IBM and Compaq, used intermediate resellers to sell computers. This led to higher
inventory, higher costs, and slower responsiveness to customer wants. However, Dell has
been able to sell at lower margins since it saves on the margins charged by wholesalers
and traders. The relative price and the performance determine customer preferences and
Dell has taken advantage of the market preferences.

Dell’s business strategy was to take advantage of an opportunity in the market. It thus
crated a fit in the industry because it integrated all its processes and hence delivered a
customized PC. From getting the information about the requirements of the customer to
assembling of the products and delivering it to him, it had an interlinking process al
dependent on the inventory it had with it.

However Compaq and IBM couldn’t effectively challenge because they couldn’t trade off
their distribution channels of retailers and distributors and get into customization of PC’s
alone and get ahead of the market.
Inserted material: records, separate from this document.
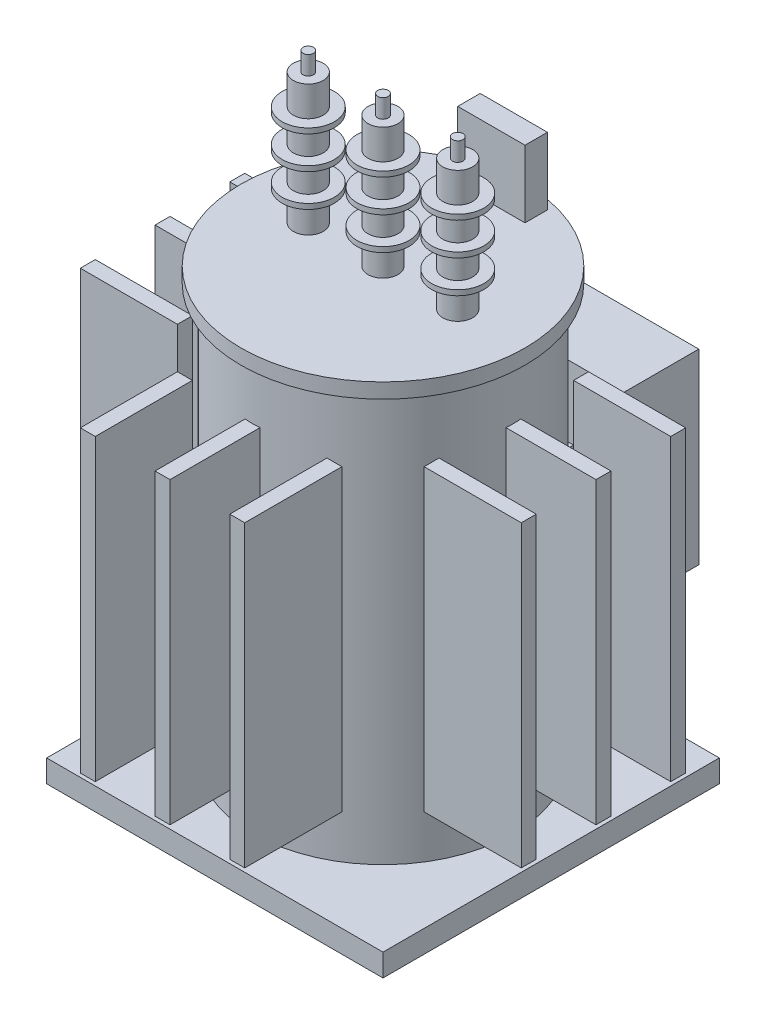
from build123d import *

# Parameters (mm, degrees)
SKETCH1_W                = 900
SKETCH1_H                = 900
BASE_DEPTH               = 60
TANK_START               = 60
SKETCH2_R                = 350
TANK_DEPTH               = 1100
LID_START                = 1160
SKETCH3_R                = 380
LID_DEPTH                = 40
FIN_START                = 210
SKETCH4_W                = 260
SKETCH4_H                = 40
FIN_X_1_DEPTH            = 800
SKETCH5_W                = 260
SKETCH5_H                = 40
FIN_X_1_2_DEPTH          = 800
SKETCH6_W                = 40
SKETCH6_H                = 260
FIN_Z_1_DEPTH            = 800
SKETCH7_W                = 260
SKETCH7_H                = 40
FIN_X_2_DEPTH            = 800
SKETCH8_W                = 260
SKETCH8_H                = 40
FIN_X_2_2_DEPTH          = 800
SKETCH9_W                = 40
SKETCH9_H                = 260
FIN_Z_2_DEPTH            = 800
SKETCH10_W               = 260
SKETCH10_H               = 40
FIN_X_3_DEPTH            = 800
SKETCH11_W               = 260
SKETCH11_H               = 40
FIN_X_3_2_DEPTH          = 800
SKETCH12_W               = 40
SKETCH12_H               = 260
FIN_Z_3_DEPTH            = 800
BUSHING_START            = 1200
SKETCH13_R               = 40
BUSHING_S_DEPTH          = 350
SHED_START               = 1280.5
SKETCH14_R               = 70
SHED_S_1_DEPTH           = 14
SHED_START_2             = 1368
SKETCH15_R               = 70
SHED_S_2_DEPTH           = 14
SHED_START_3             = 1455.5
SKETCH16_R               = 70
SHED_S_3_DEPTH           = 14
TERMINAL_START           = 1550
SKETCH17_R               = 14
TERMINAL_S_DEPTH         = 50
SKETCH18_R               = 40
BUSHING_L_DEPTH          = 350
SKETCH19_R               = 70
SHED_L_1_DEPTH           = 14
SKETCH20_R               = 70
SHED_L_2_DEPTH           = 14
SKETCH21_R               = 70
SHED_L_3_DEPTH           = 14
SKETCH22_R               = 14
TERMINAL_L_DEPTH         = 50
SKETCH23_R               = 40
BUSHING_SL_DEPTH         = 350
SKETCH24_R               = 70
SHED_SL_1_DEPTH          = 14
SKETCH25_R               = 70
SHED_SL_2_DEPTH          = 14
SKETCH26_R               = 70
SHED_SL_3_DEPTH          = 14
SKETCH27_R               = 14
TERMINAL_SL_DEPTH        = 50
POSITION_START           = 1200
SKETCH28_W               = 180
SKETCH28_H               = 60
POSITION_INDICATOR_DEPTH = 180
CONTROL_START            = 260
SKETCH29_W               = 350
SKETCH29_H               = 200
CONTROL_CABINET_DEPTH    = 500
CABINET_START            = 510
SKETCH30_W               = 80
SKETCH30_H               = 140
CABINET_BRACKET_DEPTH    = 60


with BuildPart() as part:
    # Sketch1 → Base (new body)
    with BuildSketch(Plane(origin=(0, 0, 0), x_dir=(1, 0, 0), z_dir=(0, 1, 0))):
        Rectangle(SKETCH1_W, SKETCH1_H)
    extrude(amount=BASE_DEPTH)


with BuildPart() as body_2:
    # Sketch2 → Tank (new body)
    with BuildSketch(Plane(origin=(0, 0, 0), x_dir=(1, 0, 0), z_dir=(0, 1, 0)).offset(TANK_START)):
        with Locations(Location((0, 0, 0), (0, 0, 270))):
            Circle(SKETCH2_R)
    extrude(amount=TANK_DEPTH)


with BuildPart() as body_3:
    # Sketch3 → Lid (new body)
    with BuildSketch(Plane(origin=(0, 0, 0), x_dir=(1, 0, 0), z_dir=(0, 1, 0)).offset(LID_START)):
        with Locations(Location((0, 0, 0), (0, 0, 270))):
            Circle(SKETCH3_R)
    extrude(amount=LID_DEPTH)


with BuildPart() as body_4:
    # Sketch4 → Fin _x 1 (new body)
    with BuildSketch(Plane(origin=(0, 0, 0), x_dir=(1, 0, 0), z_dir=(0, 1, 0)).offset(FIN_START)):
        with Locations((460, 200)):
            Rectangle(SKETCH4_W, SKETCH4_H)
    extrude(amount=FIN_X_1_DEPTH)


with BuildPart() as body_5:
    # Sketch5 → Fin -x 1 2 (new body)
    with BuildSketch(Plane(origin=(0, 0, 0), x_dir=(1, 0, 0), z_dir=(0, 1, 0)).offset(FIN_START)):
        with Locations((-460, 200)):
            Rectangle(SKETCH5_W, SKETCH5_H)
    extrude(amount=FIN_X_1_2_DEPTH)


with BuildPart() as body_6:
    # Sketch6 → Fin +z 1 (new body)
    with BuildSketch(Plane(origin=(0, 0, 0), x_dir=(1, 0, 0), z_dir=(0, 1, 0)).offset(FIN_START)):
        with Locations((-200, -460)):
            Rectangle(SKETCH6_W, SKETCH6_H)
    extrude(amount=FIN_Z_1_DEPTH)


with BuildPart() as body_7:
    # Sketch7 → Fin _x 2 (new body)
    with BuildSketch(Plane(origin=(0, 0, 0), x_dir=(1, 0, 0), z_dir=(0, 1, 0)).offset(FIN_START)):
        with Locations((460, 0)):
            Rectangle(SKETCH7_W, SKETCH7_H)
    extrude(amount=FIN_X_2_DEPTH)


with BuildPart() as body_8:
    # Sketch8 → Fin -x 2 2 (new body)
    with BuildSketch(Plane(origin=(0, 0, 0), x_dir=(1, 0, 0), z_dir=(0, 1, 0)).offset(FIN_START)):
        with Locations((-460, 0)):
            Rectangle(SKETCH8_W, SKETCH8_H)
    extrude(amount=FIN_X_2_2_DEPTH)


with BuildPart() as body_9:
    # Sketch9 → Fin +z 2 (new body)
    with BuildSketch(Plane(origin=(0, 0, 0), x_dir=(1, 0, 0), z_dir=(0, 1, 0)).offset(FIN_START)):
        with Locations((0, -460)):
            Rectangle(SKETCH9_W, SKETCH9_H)
    extrude(amount=FIN_Z_2_DEPTH)


with BuildPart() as body_10:
    # Sketch10 → Fin _x 3 (new body)
    with BuildSketch(Plane(origin=(0, 0, 0), x_dir=(1, 0, 0), z_dir=(0, 1, 0)).offset(FIN_START)):
        with Locations((460, -200)):
            Rectangle(SKETCH10_W, SKETCH10_H)
    extrude(amount=FIN_X_3_DEPTH)


with BuildPart() as body_11:
    # Sketch11 → Fin -x 3 2 (new body)
    with BuildSketch(Plane(origin=(0, 0, 0), x_dir=(1, 0, 0), z_dir=(0, 1, 0)).offset(FIN_START)):
        with Locations((-460, -200)):
            Rectangle(SKETCH11_W, SKETCH11_H)
    extrude(amount=FIN_X_3_2_DEPTH)


with BuildPart() as body_12:
    # Sketch12 → Fin +z 3 (new body)
    with BuildSketch(Plane(origin=(0, 0, 0), x_dir=(1, 0, 0), z_dir=(0, 1, 0)).offset(FIN_START)):
        with Locations((200, -460)):
            Rectangle(SKETCH12_W, SKETCH12_H)
    extrude(amount=FIN_Z_3_DEPTH)


with BuildPart() as body_13:
    # Sketch13 → Bushing S (new body)
    with BuildSketch(Plane(origin=(0, 0, 0), x_dir=(1, 0, 0), z_dir=(0, 1, 0)).offset(BUSHING_START)):
        with Locations(Location((-200, 0, 0), (0, 0, 270))):
            Circle(SKETCH13_R)
    extrude(amount=BUSHING_S_DEPTH)


with BuildPart() as body_14:
    # Sketch14 → Shed S 1 (new body)
    with BuildSketch(Plane(origin=(0, 0, 0), x_dir=(1, 0, 0), z_dir=(0, 1, 0)).offset(SHED_START)):
        with Locations(Location((-200, 0, 0), (0, 0, 270))):
            Circle(SKETCH14_R)
    extrude(amount=SHED_S_1_DEPTH)


with BuildPart() as body_15:
    # Sketch15 → Shed S 2 (new body)
    with BuildSketch(Plane(origin=(0, 0, 0), x_dir=(1, 0, 0), z_dir=(0, 1, 0)).offset(SHED_START_2)):
        with Locations(Location((-200, 0, 0), (0, 0, 270))):
            Circle(SKETCH15_R)
    extrude(amount=SHED_S_2_DEPTH)


with BuildPart() as body_16:
    # Sketch16 → Shed S 3 (new body)
    with BuildSketch(Plane(origin=(0, 0, 0), x_dir=(1, 0, 0), z_dir=(0, 1, 0)).offset(SHED_START_3)):
        with Locations(Location((-200, 0, 0), (0, 0, 270))):
            Circle(SKETCH16_R)
    extrude(amount=SHED_S_3_DEPTH)


with BuildPart() as body_17:
    # Sketch17 → Terminal S (new body)
    with BuildSketch(Plane(origin=(0, 0, 0), x_dir=(1, 0, 0), z_dir=(0, 1, 0)).offset(TERMINAL_START)):
        with Locations(Location((-200, 0, 0), (0, 0, 270))):
            Circle(SKETCH17_R)
    extrude(amount=TERMINAL_S_DEPTH)


with BuildPart() as body_18:
    # Sketch18 → Bushing L (new body)
    with BuildSketch(Plane(origin=(0, 0, 0), x_dir=(1, 0, 0), z_dir=(0, 1, 0)).offset(BUSHING_START)):
        with Locations(Location((0, 0, 0), (0, 0, 270))):
            Circle(SKETCH18_R)
    extrude(amount=BUSHING_L_DEPTH)


with BuildPart() as body_19:
    # Sketch19 → Shed L 1 (new body)
    with BuildSketch(Plane(origin=(0, 0, 0), x_dir=(1, 0, 0), z_dir=(0, 1, 0)).offset(SHED_START)):
        with Locations(Location((0, 0, 0), (0, 0, 270))):
            Circle(SKETCH19_R)
    extrude(amount=SHED_L_1_DEPTH)


with BuildPart() as body_20:
    # Sketch20 → Shed L 2 (new body)
    with BuildSketch(Plane(origin=(0, 0, 0), x_dir=(1, 0, 0), z_dir=(0, 1, 0)).offset(SHED_START_2)):
        with Locations(Location((0, 0, 0), (0, 0, 270))):
            Circle(SKETCH20_R)
    extrude(amount=SHED_L_2_DEPTH)


with BuildPart() as body_21:
    # Sketch21 → Shed L 3 (new body)
    with BuildSketch(Plane(origin=(0, 0, 0), x_dir=(1, 0, 0), z_dir=(0, 1, 0)).offset(SHED_START_3)):
        with Locations(Location((0, 0, 0), (0, 0, 270))):
            Circle(SKETCH21_R)
    extrude(amount=SHED_L_3_DEPTH)


with BuildPart() as body_22:
    # Sketch22 → Terminal L (new body)
    with BuildSketch(Plane(origin=(0, 0, 0), x_dir=(1, 0, 0), z_dir=(0, 1, 0)).offset(TERMINAL_START)):
        with Locations(Location((0, 0, 0), (0, 0, 270))):
            Circle(SKETCH22_R)
    extrude(amount=TERMINAL_L_DEPTH)


with BuildPart() as body_23:
    # Sketch23 → Bushing SL (new body)
    with BuildSketch(Plane(origin=(0, 0, 0), x_dir=(1, 0, 0), z_dir=(0, 1, 0)).offset(BUSHING_START)):
        with Locations(Location((200, 0, 0), (0, 0, 270))):
            Circle(SKETCH23_R)
    extrude(amount=BUSHING_SL_DEPTH)


with BuildPart() as body_24:
    # Sketch24 → Shed SL 1 (new body)
    with BuildSketch(Plane(origin=(0, 0, 0), x_dir=(1, 0, 0), z_dir=(0, 1, 0)).offset(SHED_START)):
        with Locations(Location((200, 0, 0), (0, 0, 270))):
            Circle(SKETCH24_R)
    extrude(amount=SHED_SL_1_DEPTH)


with BuildPart() as body_25:
    # Sketch25 → Shed SL 2 (new body)
    with BuildSketch(Plane(origin=(0, 0, 0), x_dir=(1, 0, 0), z_dir=(0, 1, 0)).offset(SHED_START_2)):
        with Locations(Location((200, 0, 0), (0, 0, 270))):
            Circle(SKETCH25_R)
    extrude(amount=SHED_SL_2_DEPTH)


with BuildPart() as body_26:
    # Sketch26 → Shed SL 3 (new body)
    with BuildSketch(Plane(origin=(0, 0, 0), x_dir=(1, 0, 0), z_dir=(0, 1, 0)).offset(SHED_START_3)):
        with Locations(Location((200, 0, 0), (0, 0, 270))):
            Circle(SKETCH26_R)
    extrude(amount=SHED_SL_3_DEPTH)


with BuildPart() as body_27:
    # Sketch27 → Terminal SL (new body)
    with BuildSketch(Plane(origin=(0, 0, 0), x_dir=(1, 0, 0), z_dir=(0, 1, 0)).offset(TERMINAL_START)):
        with Locations(Location((200, 0, 0), (0, 0, 270))):
            Circle(SKETCH27_R)
    extrude(amount=TERMINAL_SL_DEPTH)


with BuildPart() as body_28:
    # Sketch28 → Position indicator (new body)
    with BuildSketch(Plane(origin=(0, 0, 0), x_dir=(1, 0, 0), z_dir=(0, 1, 0)).offset(POSITION_START)):
        with Locations((0, 320)):
            Rectangle(SKETCH28_W, SKETCH28_H)
    extrude(amount=POSITION_INDICATOR_DEPTH)


with BuildPart() as body_29:
    # Sketch29 → Control cabinet (new body)
    with BuildSketch(Plane(origin=(0, 0, 0), x_dir=(1, 0, 0), z_dir=(0, 1, 0)).offset(CONTROL_START)):
        with Locations((0, 570)):
            Rectangle(SKETCH29_W, SKETCH29_H)
    extrude(amount=CONTROL_CABINET_DEPTH)


with BuildPart() as body_30:
    # Sketch30 → Cabinet bracket (new body)
    with BuildSketch(Plane(origin=(0, 0, 0), x_dir=(1, 0, 0), z_dir=(0, 1, 0)).offset(CABINET_START)):
        with Locations((0, 410)):
            Rectangle(SKETCH30_W, SKETCH30_H)
    extrude(amount=CABINET_BRACKET_DEPTH)


solid = Compound([part.part, body_2.part, body_3.part, body_4.part, body_5.part, body_6.part, body_7.part, body_8.part, body_9.part, body_10.part, body_11.part, body_12.part, body_13.part, body_14.part, body_15.part, body_16.part, body_17.part, body_18.part, body_19.part, body_20.part, body_21.part, body_22.part, body_23.part, body_24.part, body_25.part, body_26.part, body_27.part, body_28.part, body_29.part, body_30.part])

If it had done so it would have lost a huge market
share. In order to careate a fit it had to copy the entire Dell system of customization
which was a huge risk and hence they couldn’t effectively challenge Dell.

Using your insights from the Dell value chain, comment on its
Retail Fiasco
Ans:-
Actually the case provides very contradictory statements by Dell. On
one hand Dell mentions that they want to sell only to the educated
customer who knows all about PC configurations rather than a
customer who buys a PC from the retail only for the purpose of price.
However it can be seen that not only were products imitated but
channels of distribution were also imitated. Dell had seen IBM succeed
and also Compaq overtake IBM because of its sales through
distributors and retailers. It thought that by manufacturing standard
PC’s it would penetrate the market as how IBM and Compaq had done
but it did not observe another side of the coin wherein these two
companies not only built standardized PC’s but also shipped stripped
down PC’s, containing only a motherboard, a floppy drive, and a video card and the
other components used to get assembled in the channels before being sold. This used to
make a huge amount of profits for Compaq and IBM which was being done by Dell but
in the Direct Selling form. Also when sold to retailers Dell price used to fall because it
had to sell at a lesser price to a retailers so that the retailer could mark it up a little bit and
get a profit as well. Hence the profit margins reduced a whole lot and hence even though
in the short run profits were made, in the long run losses crept up.